Comment regardez-vous le management à partir du travail ?

Les différentes formes d’expression du mal-être (suicide, stress, absentéisme, désengagement, etc.) ont généré des critiques à l’égard du management contemporain. Ces critiques vont de la dénonciation de la financiarisation de l’économie à la stigmatisation de comportements managériaux inadaptés. Avec notre approche par le management du travail, nous nous sommes surtout intéressés au rapport entre le management - perçu comme un système et un ensemble de pratiques - et les conditions de réalisation du travail. De nouveaux cadres d’analyse et d’action sont nécessaires pour se représenter ce rapport. Il s’agit, notamment, d’examiner la capacité du management à apporter les ressources nécessaires à la réalisation d’un travail susceptible de répondre à la fois à des enjeux d’efficacité productive, de préservation de la santé et de développement des personnes. Cette approche globale vise ainsi à présenter une alternative crédible aux modes d’organisation et de management qui tendent à étouffer la subjectivité du travail et à limiter les régulations opérées par les acteurs sur le terrain.

Comment voyez-vous le rôle et la formation du manager ?
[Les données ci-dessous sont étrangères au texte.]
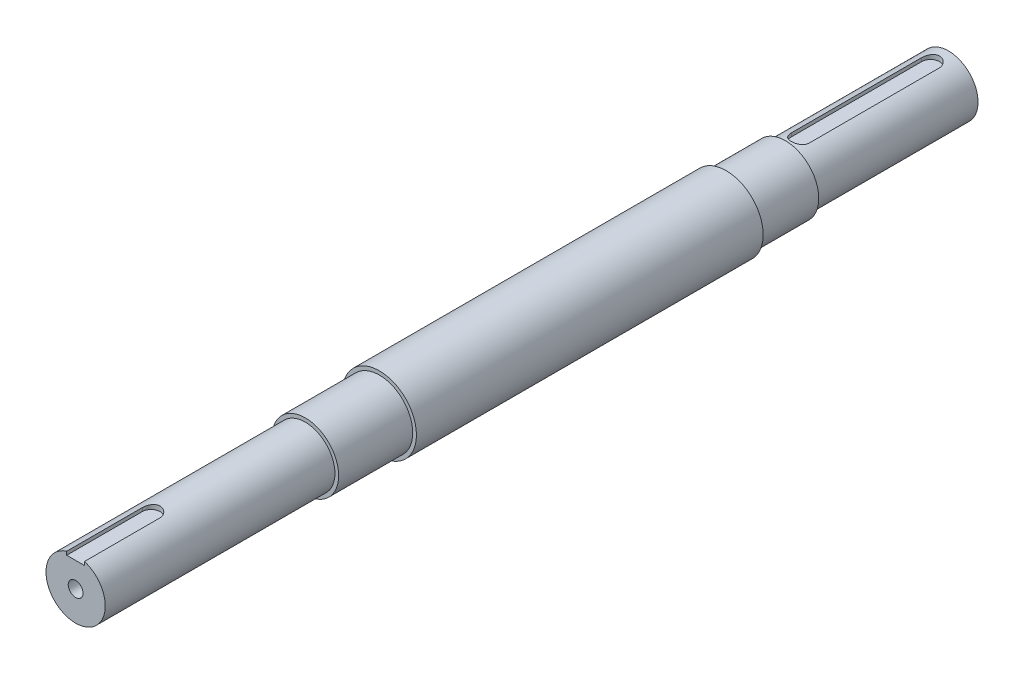
from build123d import *

# Parameters (mm, degrees)
SKETCH1_R                  = 25
BOSS_EXTRUDE1_DEPTH        = 234
SKETCH2_R                  = 22.5
BOSS_EXTRUDE2_DEPTH        = 40
SKETCH3_R                  = 20
BOSS_EXTRUDE3_DEPTH        = 110
BOSS_EXTRUDE4_START        = 50
SKETCH4_R                  = 22.5
BOSS_EXTRUDE4_DEPTH        = 50
BOSS_EXTRUDE5_START        = 155
SKETCH5_R                  = 20
BOSS_EXTRUDE5_DEPTH        = 155
CUT_EXTRUDE1_DEPTH         = 3.3
SKETCH7_R                  = 5
CUT_EXTRUDE2_DEPTH         = 45
CUT_EXTRUDE3_DEPTH         = 3.3
F_10_0MM_DOWEL_HOLE1_D     = 10
F_10_0MM_DOWEL_HOLE1_DEPTH = 45
F_10_0MM_DOWEL_HOLE1_TIP   = 3.004303095


with BuildPart() as part:
    # Sketch1 → Boss-Extrude1 (new body)
    with BuildSketch(Plane.XY):
        Circle(SKETCH1_R)
    extrude(amount=BOSS_EXTRUDE1_DEPTH)

    # Sketch2 → Boss-Extrude2 (add)
    with BuildSketch(Plane(origin=(0, 0, 0), x_dir=(-1, 0, 0), z_dir=(0, 0, -1))):
        Circle(SKETCH2_R)
    extrude(amount=BOSS_EXTRUDE2_DEPTH)

    # Sketch3 → Boss-Extrude3 (add)
    with BuildSketch(Plane(origin=(0, 0, -40), x_dir=(-1, 0, 0), z_dir=(0, 0, -1))):
        Circle(SKETCH3_R)
    extrude(amount=BOSS_EXTRUDE3_DEPTH)

    # Sketch4 → Boss-Extrude4 (add)
    with BuildSketch(Plane.XY.offset(234).offset(BOSS_EXTRUDE4_START)):
        with Locations(Location((0, 0, 0), (0, 0, 180))):
            Circle(SKETCH4_R)
    extrude(amount=-BOSS_EXTRUDE4_DEPTH)

    # Sketch5 → Boss-Extrude5 (add)
    with BuildSketch(Plane.XY.offset(284).offset(BOSS_EXTRUDE5_START)):
        with Locations(Location((0, 0, 0), (0, 0, 180))):
            Circle(SKETCH5_R)
    extrude(amount=-BOSS_EXTRUDE5_DEPTH)

    # Sketch6 → Cut-Extrude1 (cut)
    with BuildSketch(Plane(origin=(0, 20, 0), x_dir=(1, 0, 0), z_dir=(0, 1, 0))):
        with BuildLine():
            Line((-6, -439), (-6, -388))
            ThreePointArc((-6, -388), (0, -382), (6, -388))
            Line((6, -388), (6, -439))
            ThreePointArc((6, -439), (0, -445), (-6, -439))
        make_face()
    extrude(amount=-CUT_EXTRUDE1_DEPTH, mode=Mode.SUBTRACT)

    # Sketch7 → Cut-Extrude2 (cut)
    with BuildSketch(Plane.XY.offset(439)):
        Circle(SKETCH7_R)
    extrude(amount=-CUT_EXTRUDE2_DEPTH, mode=Mode.SUBTRACT)

    # Sketch8 → Cut-Extrude3 (cut)
    with BuildSketch(Plane(origin=(0, 20, 0), x_dir=(1, 0, 0), z_dir=(0, 1, 0))):
        with BuildLine():
            Line((6, 138), (6, 50))
            ThreePointArc((6, 50), (0, 44), (-6, 50))
            Line((-6, 50), (-6, 138))
            ThreePointArc((-6, 138), (0, 144), (6, 138))
        make_face()
    extrude(amount=-CUT_EXTRUDE3_DEPTH, mode=Mode.SUBTRACT)

    # Ø10.0mm Dowel Hole1
    with Locations(Plane(origin=(0, 0, -150), x_dir=(-1, 0, 0), z_dir=(0, 0, -1))):
        with Locations((0, 0)):
            Hole(F_10_0MM_DOWEL_HOLE1_D / 2, depth=F_10_0MM_DOWEL_HOLE1_DEPTH)
            with Locations((0, 0, -(F_10_0MM_DOWEL_HOLE1_DEPTH + F_10_0MM_DOWEL_HOLE1_TIP / 2))):  # 118° drill point
                Cone(0, F_10_0MM_DOWEL_HOLE1_D / 2, F_10_0MM_DOWEL_HOLE1_TIP, mode=Mode.SUBTRACT)


solid = part.part

Du fait de sa position charnière, le manager doit articuler des logiques contradictoires, leur donner du sens, les intégrer au sein d’un cap flexible en fonction des pressions subies et des ressources disponibles pour résister à ces pressions et tenter de concilier l’inconciliable. La valeur ajoutée du manager dépend de sa capacité à remplir pleinement ce rôle de médiation et à pouvoir assurer son travail d’organisation du travail. Un travail qui s’inscrit dans une dynamique d’échange et de négociation entre différents acteurs, en particulier ceux en charge de concevoir et d’organiser l’activité et ceux en charge de la réaliser. Pour ce faire, il convient de repenser le contenu et les modalités de la formation managériale en allant sur le registre du travail et en favorisant le développement d’un manager critique. Il s’agit aussi de laisser davantage de marges de manœuvres à ce dernier et à son équipe en rapprochant le pouvoir de décision du travail. Plus globalement, les modes d’organisation et les systèmes de management doivent prendre en compte le travail et soutenir l’activité des managers.

Comment cette proposition est-elle reçue dans les entreprises ?

Si pour certaines entreprises, le modèle du management du travail vient éclairer et consolider des aspirations ou pratiques qui s’inscrivent déjà dans cette perspective, pour d’autres c’est un changement de cap radical et elles ont besoin de faire l’expérience des vertus de notre approche. L’analyse du travail des managers est, pour nous, une porte d’entrée pertinente pour convaincre les directions de revoir leurs modes de fonctionnement. Elle rend visible tout ce qui tend à limiter le travail de management de leur personnel d’encadrement et met en évidence les régulations et arrangements opérés pour favoriser bien-être et efficacité au quotidien. Dans de nombreux cas, la stratégie consiste aussi à s’appuyer sur des projets de changement en analysant leur impact sur le travail. Enfin, les démarches de prévention des risques psychosociaux ou de développement de la qualité de vie au travail sont, pour le réseau de l’Anact, des champs d’action privilégiés pour interroger les pratiques managériales de l’entreprise et leur propension à jouer pleinement leur rôle de régulation du travail.